Content starts

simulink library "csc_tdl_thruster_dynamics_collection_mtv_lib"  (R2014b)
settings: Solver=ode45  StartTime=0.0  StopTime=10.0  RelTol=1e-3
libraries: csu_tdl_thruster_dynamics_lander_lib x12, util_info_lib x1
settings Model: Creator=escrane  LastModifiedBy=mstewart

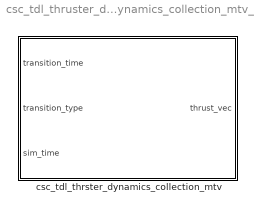
== system csc_tdl_thruster_dynamics_collection_mtv_lib ==
  csc_tdl_thrster_dynamics_collection_mtv : Subsystem
      mask Display: color('blue');text(0.05, 0.02, 'MoonEx', 'HorizontalAlignment', 'Left', 'VerticalAlignment', 'Bottom');color('red');text(0.95, 0.02, 'Autogenerated', 'HorizontalAlignment', 'Right', 'VerticalAlignment', 'Bottom');

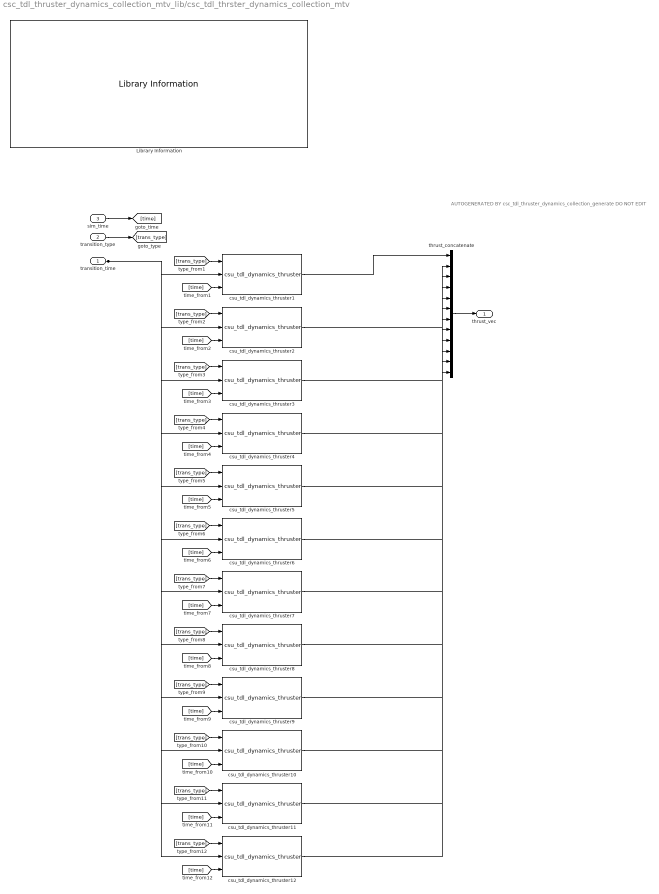
== system csc_tdl_thruster_dynamics_collection_mtv_lib/csc_tdl_thrster_dynamics_collection_mtv ==
  note: AUTOGENERATED BY csc_tdl_thruster_dynamics_collection_generate
      | DO NOT EDIT
  transition_time : Inport
  transition_type : Inport  Port=2
  sim_time : Inport  Port=3
  Library Information : util_info_lib/Library Information  owner='NONE'
  csu_tdl_dynamics_thruster1 : csu_tdl_thruster_dynamics_lander_lib/csu_tdl_dynamics_thruster  thruster_idx=1  num_thrusters=12  time_since_rise_lookup=tdl_thruster1_rising_lookup_time  thrust_rising_output_lookup=tdl_thruster1_rising_lookup_thrust  time_since_fall_lookup=tdl_thruster1_falling_lookup_time  thrust_falling_output_lookup=tdl_thruster1_falling_lookup_thrust  thrust_noise_mean=tdl_thruster1_thrust_noise_mean  thrust_noise_std=tdl_thruster1_thrust_noise_std  thrust_noise_seed=tdl_thruster1_thrust_noise_seed  thrust_noise_on=tdl_thruster1_thrust_noise_enable
  csu_tdl_dynamics_thruster10 : csu_tdl_thruster_dynamics_lander_lib/csu_tdl_dynamics_thruster  thruster_idx=10  num_thrusters=12  time_since_rise_lookup=tdl_thruster10_rising_lookup_time  thrust_rising_output_lookup=tdl_thruster10_rising_lookup_thrust  time_since_fall_lookup=tdl_thruster10_falling_lookup_time  thrust_falling_output_lookup=tdl_thruster10_falling_lookup_thrust  thrust_noise_mean=tdl_thruster10_thrust_noise_mean  thrust_noise_std=tdl_thruster10_thrust_noise_std  thrust_noise_seed=tdl_thruster10_thrust_noise_seed  thrust_noise_on=tdl_thruster10_thrust_noise_enable
  csu_tdl_dynamics_thruster11 : csu_tdl_thruster_dynamics_lander_lib/csu_tdl_dynamics_thruster  thruster_idx=11  num_thrusters=12  time_since_rise_lookup=tdl_thruster11_rising_lookup_time  thrust_rising_output_lookup=tdl_thruster11_rising_lookup_thrust  time_since_fall_lookup=tdl_thruster11_falling_lookup_time  thrust_falling_output_lookup=tdl_thruster11_falling_lookup_thrust  thrust_noise_mean=tdl_thruster11_thrust_noise_mean  thrust_noise_std=tdl_thruster11_thrust_noise_std  thrust_noise_seed=tdl_thruster11_thrust_noise_seed  thrust_noise_on=tdl_thruster11_thrust_noise_enable
  csu_tdl_dynamics_thruster12 : csu_tdl_thruster_dynamics_lander_lib/csu_tdl_dynamics_thruster  thruster_idx=12  num_thrusters=12  time_since_rise_lookup=tdl_thruster12_rising_lookup_time  thrust_rising_output_lookup=tdl_thruster12_rising_lookup_thrust  time_since_fall_lookup=tdl_thruster12_falling_lookup_time  thrust_falling_output_lookup=tdl_thruster12_falling_lookup_thrust  thrust_noise_mean=tdl_thruster12_thrust_noise_mean  thrust_noise_std=tdl_thruster12_thrust_noise_std  thrust_noise_seed=tdl_thruster12_thrust_noise_seed  thrust_noise_on=tdl_thruster12_thrust_noise_enable
  csu_tdl_dynamics_thruster2 : csu_tdl_thruster_dynamics_lander_lib/csu_tdl_dynamics_thruster  thruster_idx=2  num_thrusters=12  time_since_rise_lookup=tdl_thruster2_rising_lookup_time  thrust_rising_output_lookup=tdl_thruster2_rising_lookup_thrust  time_since_fall_lookup=tdl_thruster2_falling_lookup_time  thrust_falling_output_lookup=tdl_thruster2_falling_lookup_thrust  thrust_noise_mean=tdl_thruster2_thrust_noise_mean  thrust_noise_std=tdl_thruster2_thrust_noise_std  thrust_noise_seed=tdl_thruster2_thrust_noise_seed  thrust_noise_on=tdl_thruster2_thrust_noise_enable
  csu_tdl_dynamics_thruster3 : csu_tdl_thruster_dynamics_lander_lib/csu_tdl_dynamics_thruster  thruster_idx=3  num_thrusters=12  time_since_rise_lookup=tdl_thruster3_rising_lookup_time  thrust_rising_output_lookup=tdl_thruster3_rising_lookup_thrust  time_since_fall_lookup=tdl_thruster3_falling_lookup_time  thrust_falling_output_lookup=tdl_thruster3_falling_lookup_thrust  thrust_noise_mean=tdl_thruster3_thrust_noise_mean  thrust_noise_std=tdl_thruster3_thrust_noise_std  thrust_noise_seed=tdl_thruster3_thrust_noise_seed  thrust_noise_on=tdl_thruster3_thrust_noise_enable
  csu_tdl_dynamics_thruster4 : csu_tdl_thruster_dynamics_lander_lib/csu_tdl_dynamics_thruster  thruster_idx=4  num_thrusters=12  time_since_rise_lookup=tdl_thruster4_rising_lookup_time  thrust_rising_output_lookup=tdl_thruster4_rising_lookup_thrust  time_since_fall_lookup=tdl_thruster4_falling_lookup_time  thrust_falling_output_lookup=tdl_thruster4_falling_lookup_thrust  thrust_noise_mean=tdl_thruster4_thrust_noise_mean  thrust_noise_std=tdl_thruster4_thrust_noise_std  thrust_noise_seed=tdl_thruster4_thrust_noise_seed  thrust_noise_on=tdl_thruster4_thrust_noise_enable
  csu_tdl_dynamics_thruster5 : csu_tdl_thruster_dynamics_lander_lib/csu_tdl_dynamics_thruster  thruster_idx=5  num_thrusters=12  time_since_rise_lookup=tdl_thruster5_rising_lookup_time  thrust_rising_output_lookup=tdl_thruster5_rising_lookup_thrust  time_since_fall_lookup=tdl_thruster5_falling_lookup_time  thrust_falling_output_lookup=tdl_thruster5_falling_lookup_thrust  thrust_noise_mean=tdl_thruster5_thrust_noise_mean  thrust_noise_std=tdl_thruster5_thrust_noise_std  thrust_noise_seed=tdl_thruster5_thrust_noise_seed  thrust_noise_on=tdl_thruster5_thrust_noise_enable
  csu_tdl_dynamics_thruster6 : csu_tdl_thruster_dynamics_lander_lib/csu_tdl_dynamics_thruster  thruster_idx=6  num_thrusters=12  time_since_rise_lookup=tdl_thruster6_rising_lookup_time  thrust_rising_output_lookup=tdl_thruster6_rising_lookup_thrust  time_since_fall_lookup=tdl_thruster6_falling_lookup_time  thrust_falling_output_lookup=tdl_thruster6_falling_lookup_thrust  thrust_noise_mean=tdl_thruster6_thrust_noise_mean  thrust_noise_std=tdl_thruster6_thrust_noise_std  thrust_noise_seed=tdl_thruster6_thrust_noise_seed  thrust_noise_on=tdl_thruster6_thrust_noise_enable
  csu_tdl_dynamics_thruster7 : csu_tdl_thruster_dynamics_lander_lib/csu_tdl_dynamics_thruster  thruster_idx=7  num_thrusters=12  time_since_rise_lookup=tdl_thruster7_rising_lookup_time  thrust_rising_output_lookup=tdl_thruster7_rising_lookup_thrust  time_since_fall_lookup=tdl_thruster7_falling_lookup_time  thrust_falling_output_lookup=tdl_thruster7_falling_lookup_thrust  thrust_noise_mean=tdl_thruster7_thrust_noise_mean  thrust_noise_std=tdl_thruster7_thrust_noise_std  thrust_noise_seed=tdl_thruster7_thrust_noise_seed  thrust_noise_on=tdl_thruster7_thrust_noise_enable
  csu_tdl_dynamics_thruster8 : csu_tdl_thruster_dynamics_lander_lib/csu_tdl_dynamics_thruster  thruster_idx=8  num_thrusters=12  time_since_rise_lookup=tdl_thruster8_rising_lookup_time  thrust_rising_output_lookup=tdl_thruster8_rising_lookup_thrust  time_since_fall_lookup=tdl_thruster8_falling_lookup_time  thrust_falling_output_lookup=tdl_thruster8_falling_lookup_thrust  thrust_noise_mean=tdl_thruster8_thrust_noise_mean  thrust_noise_std=tdl_thruster8_thrust_noise_std  thrust_noise_seed=tdl_thruster8_thrust_noise_seed  thrust_noise_on=tdl_thruster8_thrust_noise_enable
  csu_tdl_dynamics_thruster9 : csu_tdl_thruster_dynamics_lander_lib/csu_tdl_dynamics_thruster  thruster_idx=9  num_thrusters=12  time_since_rise_lookup=tdl_thruster9_rising_lookup_time  thrust_rising_output_lookup=tdl_thruster9_rising_lookup_thrust  time_since_fall_lookup=tdl_thruster9_falling_lookup_time  thrust_falling_output_lookup=tdl_thruster9_falling_lookup_thrust  thrust_noise_mean=tdl_thruster9_thrust_noise_mean  thrust_noise_std=tdl_thruster9_thrust_noise_std  thrust_noise_seed=tdl_thruster9_thrust_noise_seed  thrust_noise_on=tdl_thruster9_thrust_noise_enable
  thrust_concatenate : Concatenate  NumInputs=12
  thrust_vec : Outport
  wires:
  sim_time/1 -> [time]
  transition_type/1 -> [trans_type]
  thrust_concatenate/1 -> thrust_vec/1
  [time] -> csu_tdl_dynamics_thruster1/3
  [trans_type] -> csu_tdl_dynamics_thruster1/1
  csu_tdl_dynamics_thruster1/1 -> thrust_concatenate/1
  [time] -> csu_tdl_dynamics_thruster2/3
  [trans_type] -> csu_tdl_dynamics_thruster2/1
  csu_tdl_dynamics_thruster2/1 -> thrust_concatenate/2
  [time] -> csu_tdl_dynamics_thruster3/3
  [trans_type] -> csu_tdl_dynamics_thruster3/1
  csu_tdl_dynamics_thruster3/1 -> thrust_concatenate/3
  [time] -> csu_tdl_dynamics_thruster4/3
  [trans_type] -> csu_tdl_dynamics_thruster4/1
  csu_tdl_dynamics_thruster4/1 -> thrust_concatenate/4
  [time] -> csu_tdl_dynamics_thruster5/3
  [trans_type] -> csu_tdl_dynamics_thruster5/1
  csu_tdl_dynamics_thruster5/1 -> thrust_concatenate/5
  [time] -> csu_tdl_dynamics_thruster6/3
  [trans_type] -> csu_tdl_dynamics_thruster6/1
  csu_tdl_dynamics_thruster6/1 -> thrust_concatenate/6
  [time] -> csu_tdl_dynamics_thruster7/3
  [trans_type] -> csu_tdl_dynamics_thruster7/1
  csu_tdl_dynamics_thruster7/1 -> thrust_concatenate/7
  [time] -> csu_tdl_dynamics_thruster8/3
  [trans_type] -> csu_tdl_dynamics_thruster8/1
  csu_tdl_dynamics_thruster8/1 -> thrust_concatenate/8
  [time] -> csu_tdl_dynamics_thruster9/3
  [trans_type] -> csu_tdl_dynamics_thruster9/1
  csu_tdl_dynamics_thruster9/1 -> thrust_concatenate/9
  [time] -> csu_tdl_dynamics_thruster10/3
  [trans_type] -> csu_tdl_dynamics_thruster10/1
  csu_tdl_dynamics_thruster10/1 -> thrust_concatenate/10
  [time] -> csu_tdl_dynamics_thruster11/3
  [trans_type] -> csu_tdl_dynamics_thruster11/1
  csu_tdl_dynamics_thruster11/1 -> thrust_concatenate/11
  [time] -> csu_tdl_dynamics_thruster12/3
  [trans_type] -> csu_tdl_dynamics_thruster12/1
  csu_tdl_dynamics_thruster12/1 -> thrust_concatenate/12
  transition_time/1 -> csu_tdl_dynamics_thruster12/2, csu_tdl_dynamics_thruster11/2, csu_tdl_dynamics_thruster10/2, csu_tdl_dynamics_thruster9/2, csu_tdl_dynamics_thruster8/2, csu_tdl_dynamics_thruster7/2, csu_tdl_dynamics_thruster6/2, csu_tdl_dynamics_thruster5/2, csu_tdl_dynamics_thruster4/2, csu_tdl_dynamics_thruster3/2, csu_tdl_dynamics_thruster2/2, csu_tdl_dynamics_thruster1/2

Content ends

Nothing but the lines with "settings" should be returned, copied from the entries above.

settings: Solver=ode45  StartTime=0.0  StopTime=10.0  RelTol=1e-3
settings Model: Creator=escrane  LastModifiedBy=mstewart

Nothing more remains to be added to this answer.